Spielplätze werden für Jungen konzipiert, Verkehrswege sind auf Autofahrer zugeschnitten, Menschen mit fremdländischen Namen finden keine Wohnung. In Städten geht es oft ungerecht zu - Stadtplaner wollen das ändern.


Wenn Eva Kail morgens von ihrer Wohnung in Wiens viertem Bezirk zur Arbeit ins Rathaus fährt, kommt sie an einem besonderen Spielplatz vorbei. Das Areal im Alois-Drasche-Park wurde 2003 auf ihre Initiative hin umgestaltet - und zwar so, dass vor allem Mädchen sich dort wohlfühlen. Sozialwissenschaftlerinnen hatten Ende der 1990er-Jahre festgestellt, dass sich ab einem Alter von etwa zehn Jahren fast nur noch Jungen auf Spielflächen und in Parks tummelten. Denn diese seien vor allem für männliche Jugendliche ausgestattet; etwa mit Fußballkäfigen oder Basketballkörben.


Vor der Umgestaltung des Parks ließ Kail deshalb etwa 60 9- bis 14-Jährige nach ihren Wünschen befragen - und sicherstellen, dass die Mädchen dabei zu Wort kommen. Das Ergebnis ist ein Spielplatz, der auch ruhigere Rückzugsorte bietet: Hängematten, ein Baumhaus und ein Labyrinth aus Büschen.

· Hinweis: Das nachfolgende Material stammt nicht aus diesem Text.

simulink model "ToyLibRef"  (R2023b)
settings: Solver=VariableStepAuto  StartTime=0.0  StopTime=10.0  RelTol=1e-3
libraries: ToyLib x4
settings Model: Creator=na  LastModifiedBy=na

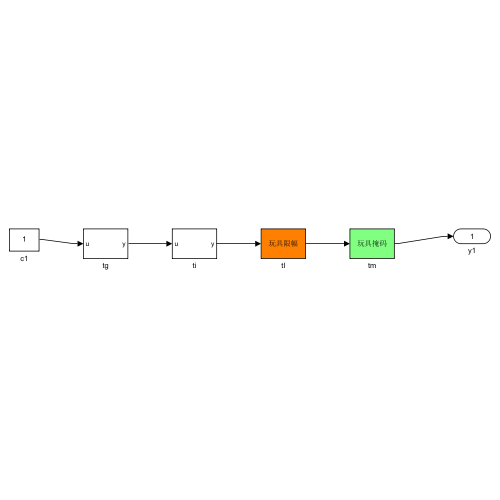
[thumbnail: Simulink's stored preview of the top-level diagram]
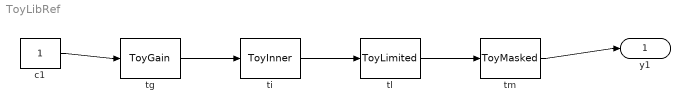
== system ToyLibRef ==
  c1 : Constant
  tg : ToyLib/ToyGain  SystemSampleTime=-1  VariantActivationTime=update diagram  AllowFlexibleInterface=on  Latency=0  AutoFrameSizeCalculation=off
  ti : ToyLib/ToyInner  SystemSampleTime=-1  VariantActivationTime=update diagram  AllowFlexibleInterface=on  Latency=0  AutoFrameSizeCalculation=off
  tl : ToyLib/ToyLimited  UpperLimit=1
  tm : ToyLib/ToyMasked  Kp=5
  y1 : Outport
  wires:
  c1/1 -> tg/1
  tg/1 -> ti/1
  ti/1 -> tl/1
  tl/1 -> tm/1
  tm/1 -> y1/1

Diese Gleichberechtigung ist bei Eva Kail Programm. Seit mehr als drei Jahrzehnten setzt sich die Stadtplanerin dafür ein, dass Wien sicherer und lebenswerter wird; gerade für Frauen. Denn Städte, so sieht sie es, wurden von Männern geplant und bedienen daher vor allem deren Bedürfnisse. Das will Kail ändern. Als Obersenatsrätin und Expertin für Gender Planning der Baudirektion Wien hat sie die feministische Stadtplanung populär gemacht - und kann damit als Vorreiterin einer Vision gelten, die aktueller ist denn je: Es geht um eine „Stadt für alle".


Prognosen zufolge sollen im Jahr 2050 knapp zwei Drittel der Weltbevölkerung in urbanen Gebieten wohnen. Umso wichtiger ist es, die rasant wachsenden Metropolen nachhaltig zu gestalten - gerade mit Blick auf das soziale Miteinander. Das finden nicht nur einzelne Experten wie Kail, sondern auch die Vereinten Nationen: In ihrer Agenda 2030, einem Aktionsprogramm für bessere Städte, fordern sie „Gleichberechtigung der Geschlechter", „reduzierte Ungleichheiten" und „Frieden und Gerechtigkeit". Doch warum werden bestimmte Bewohner in Städten überhaupt benachteiligt - und wie ließe sich das ändern?


Benachteiligte Frauen

Dass Städte ungerecht sein können, fand Eva Kail bereits 1991 heraus. Damals befragte die studierte Raumplanerin Wienerinnen aus verschiedenen Generationen und Milieus zu ihrem Alltag in der Stadt. Sie stellte fest, dass die Frauen oft zu Fuß gingen, sich dabei aber über zu schmale Gehwege und zu kurze Ampelphasen ärgerten. Das damalige Ideal der autogerechten Stadt kam den - autofahrenden - Männern zugute. Eine Analyse der Wiener Verkehrsdaten, die damals erstmals geschlechtergetrennt erfolgte, bestätigte: Männer setzten sich öfter hinters Steuer, Frauen waren häufiger zu Fuß oder mit Bus und Bahn unterwegs. Das gilt bis heute: Eine Mobilitätsstudie des Bundesverkehrsministerium s von 2019 belegt, dass auch in Deutschland überwiegend Männer mit dem Auto fahren und insgesamt mobiler sind.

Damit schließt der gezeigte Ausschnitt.